DATA TO USE:

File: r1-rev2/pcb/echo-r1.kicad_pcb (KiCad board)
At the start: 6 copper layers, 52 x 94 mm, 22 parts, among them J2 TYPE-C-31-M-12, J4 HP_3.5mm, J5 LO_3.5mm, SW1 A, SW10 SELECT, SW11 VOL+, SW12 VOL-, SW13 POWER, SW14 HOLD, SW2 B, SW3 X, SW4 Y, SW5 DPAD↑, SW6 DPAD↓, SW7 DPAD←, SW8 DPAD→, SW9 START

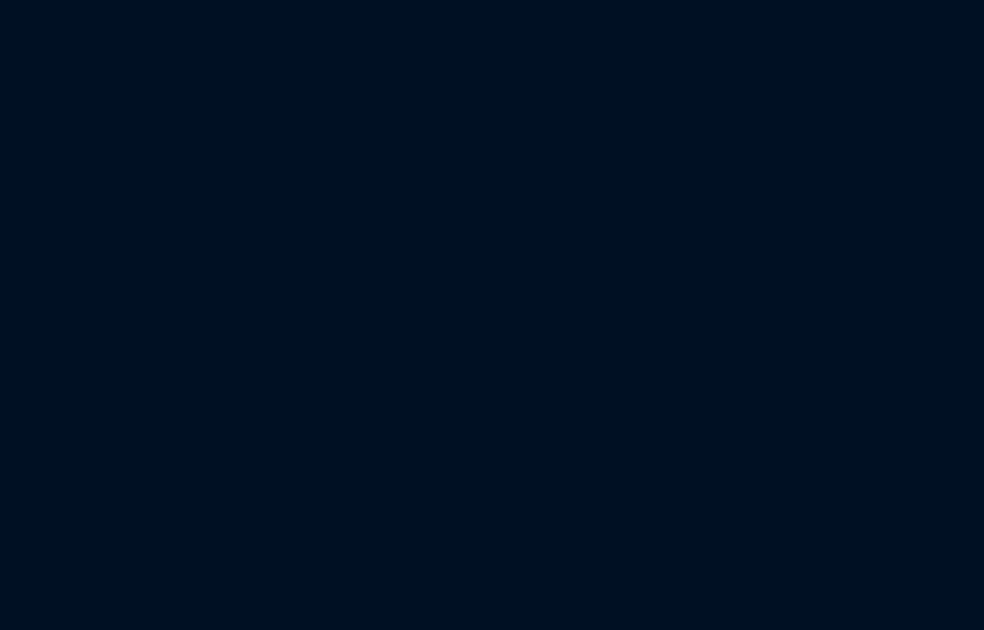
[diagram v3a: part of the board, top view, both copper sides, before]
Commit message: R1-Rev2: add LCD ribbon connector
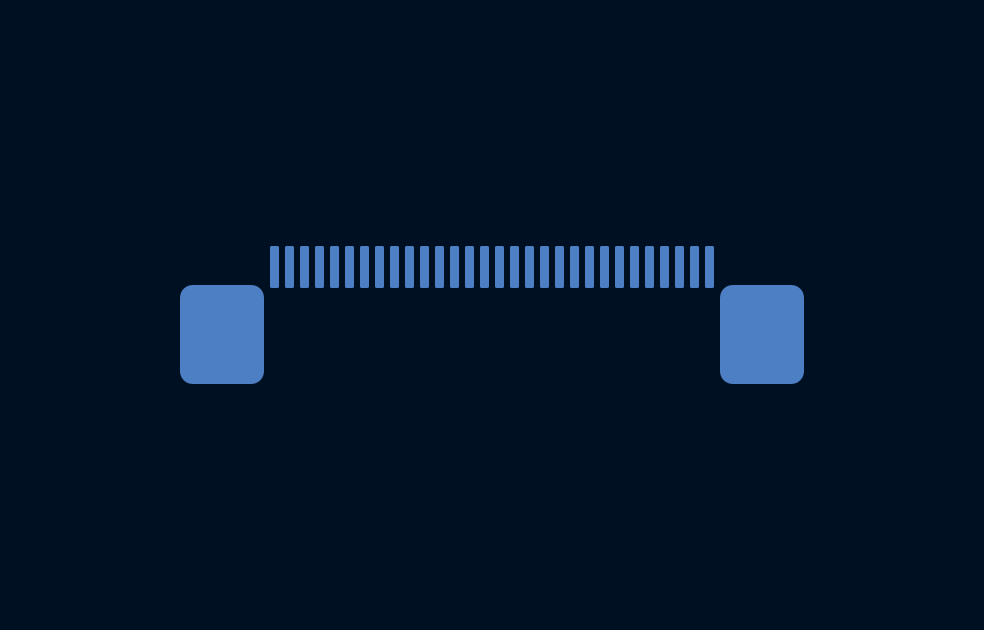
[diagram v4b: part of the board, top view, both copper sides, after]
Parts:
- added J7: AFC07-S30ECA-00, echoplayer:Conn_Jushuo_AFC07-S30ECA-00_RTL, B.Cu at (147.5, 74.3)

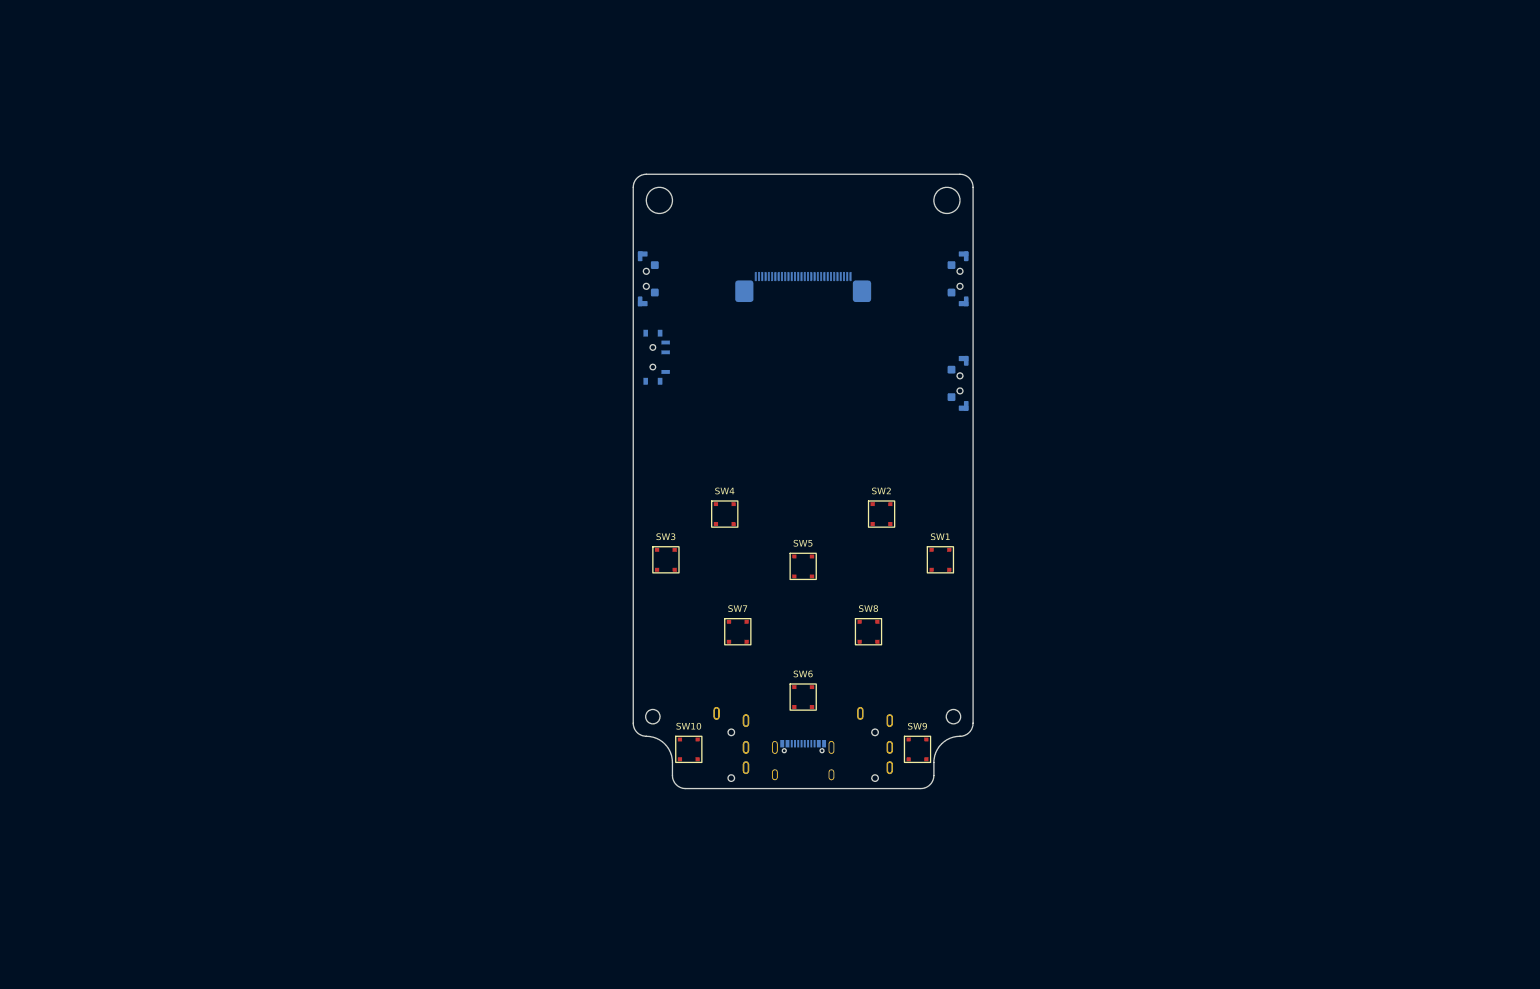
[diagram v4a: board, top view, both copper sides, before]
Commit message: R1-Rev2: updates to PCB layout, add HyperRAM routing
- Reannotate schematic and assign footprints for passives
- First try at HyperRAM routing
- Fixed incorrect W958D8NBYA5I pinout
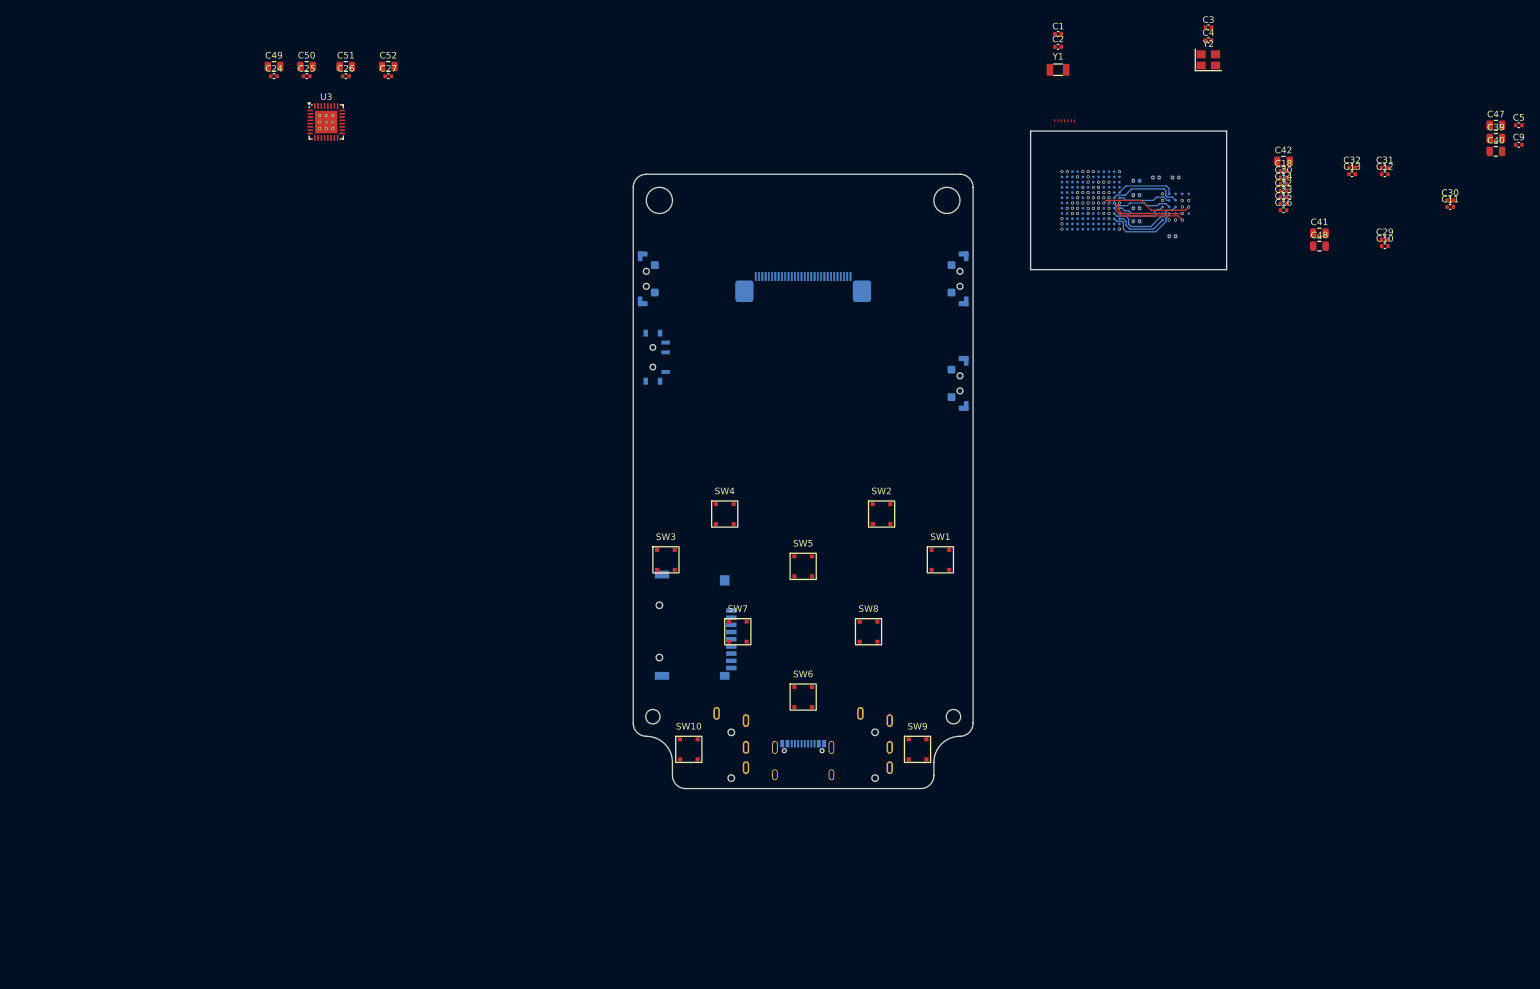
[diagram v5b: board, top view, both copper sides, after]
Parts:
- added C1: 10 pF, Capacitor_SMD:C_0402_1005Metric, F.Cu at (186.5, 36.5)
- added C10: 100 nF, Capacitor_SMD:C_0402_1005Metric, F.Cu at (236.5, 69.0)
- added C11: 100 nF, Capacitor_SMD:C_0402_1005Metric, F.Cu at (246.5, 63.0)
- added C12: 100 nF, Capacitor_SMD:C_0402_1005Metric, F.Cu at (236.5, 58.0)
- added C13: 100 nF, Capacitor_SMD:C_0402_1005Metric, F.Cu at (231.5, 58.0)
- added C14: 100 nF, Capacitor_SMD:C_0402_1005Metric, F.Cu at (221.0, 59.5)
- added C15: 100 nF, Capacitor_SMD:C_0402_1005Metric, F.Cu at (221.0, 62.5)
- added C16: 100 nF, Capacitor_SMD:C_0402_1005Metric, F.Cu at (221.0, 63.5)
- added C17: 100 nF, Capacitor_SMD:C_0402_1005Metric, B.Cu at (198.5, 65.2)
- added C18: 100 nF, Capacitor_SMD:C_0402_1005Metric, F.Cu at (221.0, 57.5)
- added C19: 100 nF, Capacitor_SMD:C_0402_1005Metric, B.Cu at (198.5, 63.2)
- added C2: 10 pF, Capacitor_SMD:C_0402_1005Metric, F.Cu at (186.5, 38.5)
- added C20: 100 nF, Capacitor_SMD:C_0402_1005Metric, F.Cu at (221.0, 58.5)
- added C21: 100 nF, Capacitor_SMD:C_0402_1005Metric, B.Cu at (198.5, 61.2)
- added C22: 100 nF, Capacitor_SMD:C_0402_1005Metric, F.Cu at (221.0, 60.5)
- added C23: 100 nF, Capacitor_SMD:C_0402_1005Metric, F.Cu at (221.0, 61.5)
- added C24: 100 nF, Capacitor_SMD:C_0402_1005Metric, F.Cu at (66.5, 43.0)
- added C25: 100 nF, Capacitor_SMD:C_0402_1005Metric, F.Cu at (71.5, 43.0)
- added C26: 100 nF, Capacitor_SMD:C_0402_1005Metric, F.Cu at (77.5, 43.0)
- added C27: 100 nF, Capacitor_SMD:C_0402_1005Metric, F.Cu at (84.0, 43.0)
- added C29: 1 µF, Capacitor_SMD:C_0402_1005Metric, F.Cu at (236.5, 68.0)
- added C3: 10 pF, Capacitor_SMD:C_0402_1005Metric, F.Cu at (209.5, 35.5)
- added C30: 1 µF, Capacitor_SMD:C_0402_1005Metric, F.Cu at (246.5, 62.0)
- added C31: 1 µF, Capacitor_SMD:C_0402_1005Metric, F.Cu at (236.5, 57.0)
- added C32: 1 µF, Capacitor_SMD:C_0402_1005Metric, F.Cu at (231.5, 57.0)
- added C33: 1 µF, Capacitor_SMD:C_0402_1005Metric, B.Cu at (198.5, 59.0)
- added C39: 4.7 µF, Capacitor_SMD:C_0805_2012Metric, F.Cu at (253.5, 52.5)
- added C4: 10 pF, Capacitor_SMD:C_0402_1005Metric, F.Cu at (209.5, 37.5)
- added C40: 4.7 µF, Capacitor_SMD:C_0805_2012Metric, F.Cu at (253.5, 54.5)
- added C41: 4.7 µF, Capacitor_SMD:C_0805_2012Metric, F.Cu at (226.5, 67.0)
- added C42: 4.7 µF, Capacitor_SMD:C_0805_2012Metric, F.Cu at (221.0, 56.0)
- added C47: 10 µF, Capacitor_SMD:C_0805_2012Metric, F.Cu at (253.5, 50.5)
- added C48: 10 µF, Capacitor_SMD:C_0805_2012Metric, F.Cu at (226.5, 69.0)
- added C49: 10 µF, Capacitor_SMD:C_0805_2012Metric, F.Cu at (66.5, 41.5)
- added C5: 220 pF, Capacitor_SMD:C_0402_1005Metric, F.Cu at (257.0, 50.5)
- added C50: 10 µF, Capacitor_SMD:C_0805_2012Metric, F.Cu at (71.5, 41.5)
- added C51: 10 µF, Capacitor_SMD:C_0805_2012Metric, F.Cu at (77.5, 41.5)
- added C52: 10 µF, Capacitor_SMD:C_0805_2012Metric, F.Cu at (84.0, 41.5)
- added C6: 100 nF, Capacitor_SMD:C_0402_1005Metric, B.Cu at (204.5, 58.5)
- added C7: 100 nF, Capacitor_SMD:C_0402_1005Metric, B.Cu at (204.0, 67.5)
- added C8: 100 nF, Capacitor_SMD:C_0402_1005Metric, B.Cu at (201.5, 58.5)
- added C9: 100 nF, Capacitor_SMD:C_0402_1005Metric, F.Cu at (257.0, 53.5)
- added J2: TF-115, echoplayer:microSD_XUNPU_TF-115, B.Cu at (129.5, 127.0)
- added NT1: NetTie_2, echoplayer:NetTie_0.15mm_SMD, F.Cu at (187.0, 49.8)
- added NT2: NetTie_2, echoplayer:NetTie_0.15mm_SMD, F.Cu at (187.5, 49.8)
- added NT3: NetTie_2, echoplayer:NetTie_0.15mm_SMD, F.Cu at (188.0, 49.8)
- added NT4: NetTie_2, echoplayer:NetTie_0.15mm_SMD, F.Cu at (188.5, 49.8)
- added NT5: NetTie_2, echoplayer:NetTie_0.15mm_SMD, F.Cu at (189.0, 49.8)
- added NT6: NetTie_2, echoplayer:NetTie_0.15mm_SMD, F.Cu at (186.0, 49.8)
- added NT7: NetTie_2, echoplayer:NetTie_0.15mm_SMD, F.Cu at (186.5, 49.8)
- added U1: STM32H7R3Z8Jx, Package_BGA:UFBGA-144_10x10mm_Layout12x12_P0.8mm, B.Cu at (191.5, 62.0)
- added U2: W958D8NBYA5I, echoplayer:TFBGA-24_6x8mm_Layout5x5_P1.0mm_Ball0.4mm, B.Cu at (204.5, 63.0)
- added U3: TLV320AIC3104, Package_DFN_QFN:Texas_RHB0032E_VQFN-32-1EP_5x5mm_P0.5mm_EP3.45x3.45mm_ThermalVias, F.Cu at (74.5, 50.0)
- added Y1: SC-32S32.768kHz20PPM12.5pF, Crystal:Crystal_SMD_3215-2Pin_3.2x1.5mm, F.Cu at (186.5, 42.0)
- added Y2: XTM32024000JT00351001, Crystal:Crystal_SMD_3225-4Pin_3.2x2.5mm, F.Cu at (209.5, 40.5)
- renumbered J2 to J1, J4 to J3, J5 to J4, J7 to J6
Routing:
- net +1V8: track 0.00 -> 26.2 mm, vias 0 -> 13
- net /xspi.cs: track 0.00 -> 14.0 mm, vias 0 -> 2
- net /xspi.dqs0: track 0.00 -> 12.2 mm
- net /xspi.ck-: track 0.00 -> 12.0 mm, vias 0 -> 2
- net /xspi.d1: track 0.00 -> 11.4 mm
- net /xspi.ck+: track 0.00 -> 11.1 mm, vias 0 -> 2
- net /xspi.d2: track 0.00 -> 11.1 mm
- net /xspi.d0: track 0.00 -> 9.23 mm
- net /xspi.d4: track 0.00 -> 8.98 mm
- net /xspi.d7: track 0.00 -> 8.19 mm
- net /xspi.d3: track 0.00 -> 8.18 mm
- net /xspi.d5: track 0.00 -> 7.35 mm
- net /xspi.d6: track 0.00 -> 6.93 mm
- net VBUS: vias 0 -> 2
- net Net-(U1-VCAP1): vias 0 -> 4
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- added copper zone on In3.Cu, net +1V8
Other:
- board size 52 x 94 mm -> 90.8 x 100.6 mm

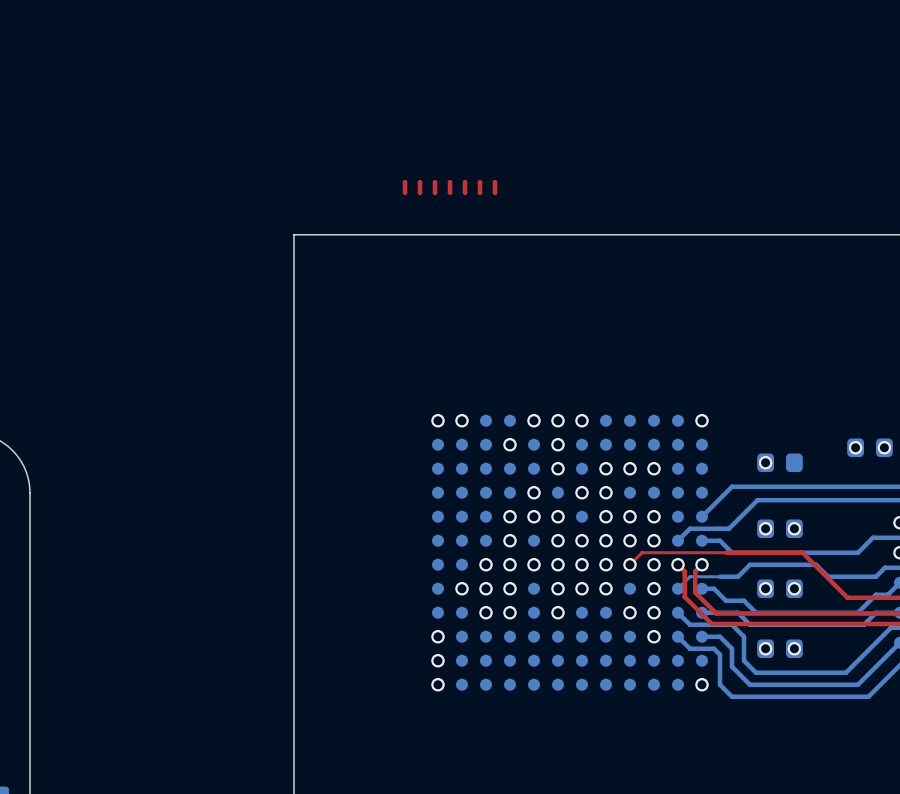
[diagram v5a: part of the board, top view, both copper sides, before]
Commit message: R1-Rev2: update USB D+/D- net ties to avoid USBHS stubs
The USB data lines have to be routed to both HS and FS PHYs
since only the FS PHY supports DFU mode. To minimize stub
length in HS operation, the data lines from the connector
should route through the FS pins first and terminate at the
HS pins.
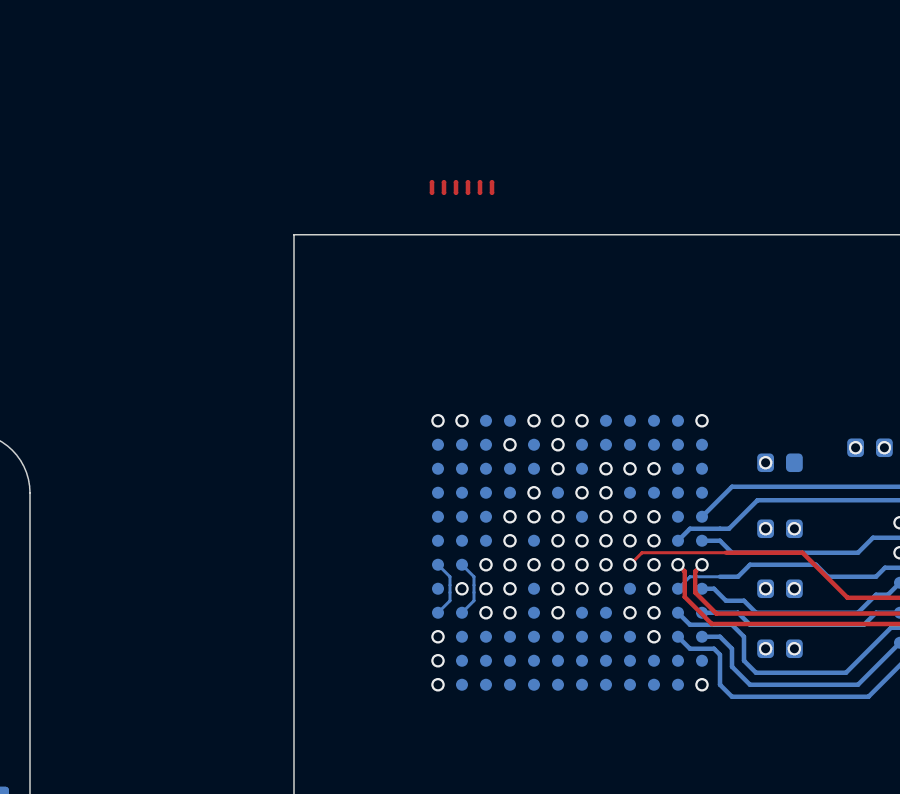
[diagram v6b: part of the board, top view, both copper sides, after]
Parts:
- removed NT2, NT3: NetTie_2, echoplayer:NetTie_0.15mm_SMD
- added NT10: NetTie_2, echoplayer:NetTie_0.15mm_SMD, F.Cu at (188.1, 49.8)
- added NT8: NetTie_2, echoplayer:NetTie_0.10mm_SMD, B.Cu at (188.3, 63.2)
- added NT9: NetTie_2, echoplayer:NetTie_0.10mm_SMD, B.Cu at (187.5, 63.2)
- moved NT6 0.90 mm to (186.9, 49.8)
- moved NT7 0.80 mm to (187.3, 49.8)
- moved NT1 0.70 mm to (187.7, 49.8)
- moved NT5 0.10 mm to (188.9, 49.8)
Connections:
- net Net-(NT5-Pad2) renamed /vddldo
- net Net-(U1-VCAP1) renamed /vcap
- U1 pad A7: /usb_fs_d+ -> /usb_d+
- U1 pad A9: /usb_d+ -> /usb_hs_d+
- U1 pad B7: /usb_fs_d- -> /usb_d-
- U1 pad B9: /usb_d- -> /usb_hs_d-
- U1 pad C8: /vfbsmps -> /dvdd
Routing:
- net /usb_d-: track 0.00 -> 0.84 mm
- net /usb_d+: track 0.00 -> 0.84 mm
- net /usb_hs_d-: track 0.00 -> 0.84 mm
- net /usb_hs_d+: track 0.00 -> 0.84 mm
- net /vfbsmps: vias 2 -> 1
- net /dvdd: vias 0 -> 1

DIRECTIONS FOR THIS TASK: Treating the line with "- added C10: 100" as the last line to include, retype the records exactly from their first line, excluding pictures.

SOLUTION TO THIS EXERCISE:
File: r1-rev2/pcb/echo-r1.kicad_pcb (KiCad board)
At the start: 6 copper layers, 52 x 94 mm, 22 parts, among them J2 TYPE-C-31-M-12, J4 HP_3.5mm, J5 LO_3.5mm, SW1 A, SW10 SELECT, SW11 VOL+, SW12 VOL-, SW13 POWER, SW14 HOLD, SW2 B, SW3 X, SW4 Y, SW5 DPAD↑, SW6 DPAD↓, SW7 DPAD←, SW8 DPAD→, SW9 START

[diagram v3a: part of the board, top view, both copper sides, before]
Commit message: R1-Rev2: add LCD ribbon connector
[diagram v4b: part of the board, top view, both copper sides, after]
Parts:
- added J7: AFC07-S30ECA-00, echoplayer:Conn_Jushuo_AFC07-S30ECA-00_RTL, B.Cu at (147.5, 74.3)

[diagram v4a: board, top view, both copper sides, before]
Commit message: R1-Rev2: updates to PCB layout, add HyperRAM routing
- Reannotate schematic and assign footprints for passives
- First try at HyperRAM routing
- Fixed incorrect W958D8NBYA5I pinout
[diagram v5b: board, top view, both copper sides, after]
Parts:
- added C1: 10 pF, Capacitor_SMD:C_0402_1005Metric, F.Cu at (186.5, 36.5)
- added C10: 100 nF, Capacitor_SMD:C_0402_1005Metric, F.Cu at (236.5, 69.0)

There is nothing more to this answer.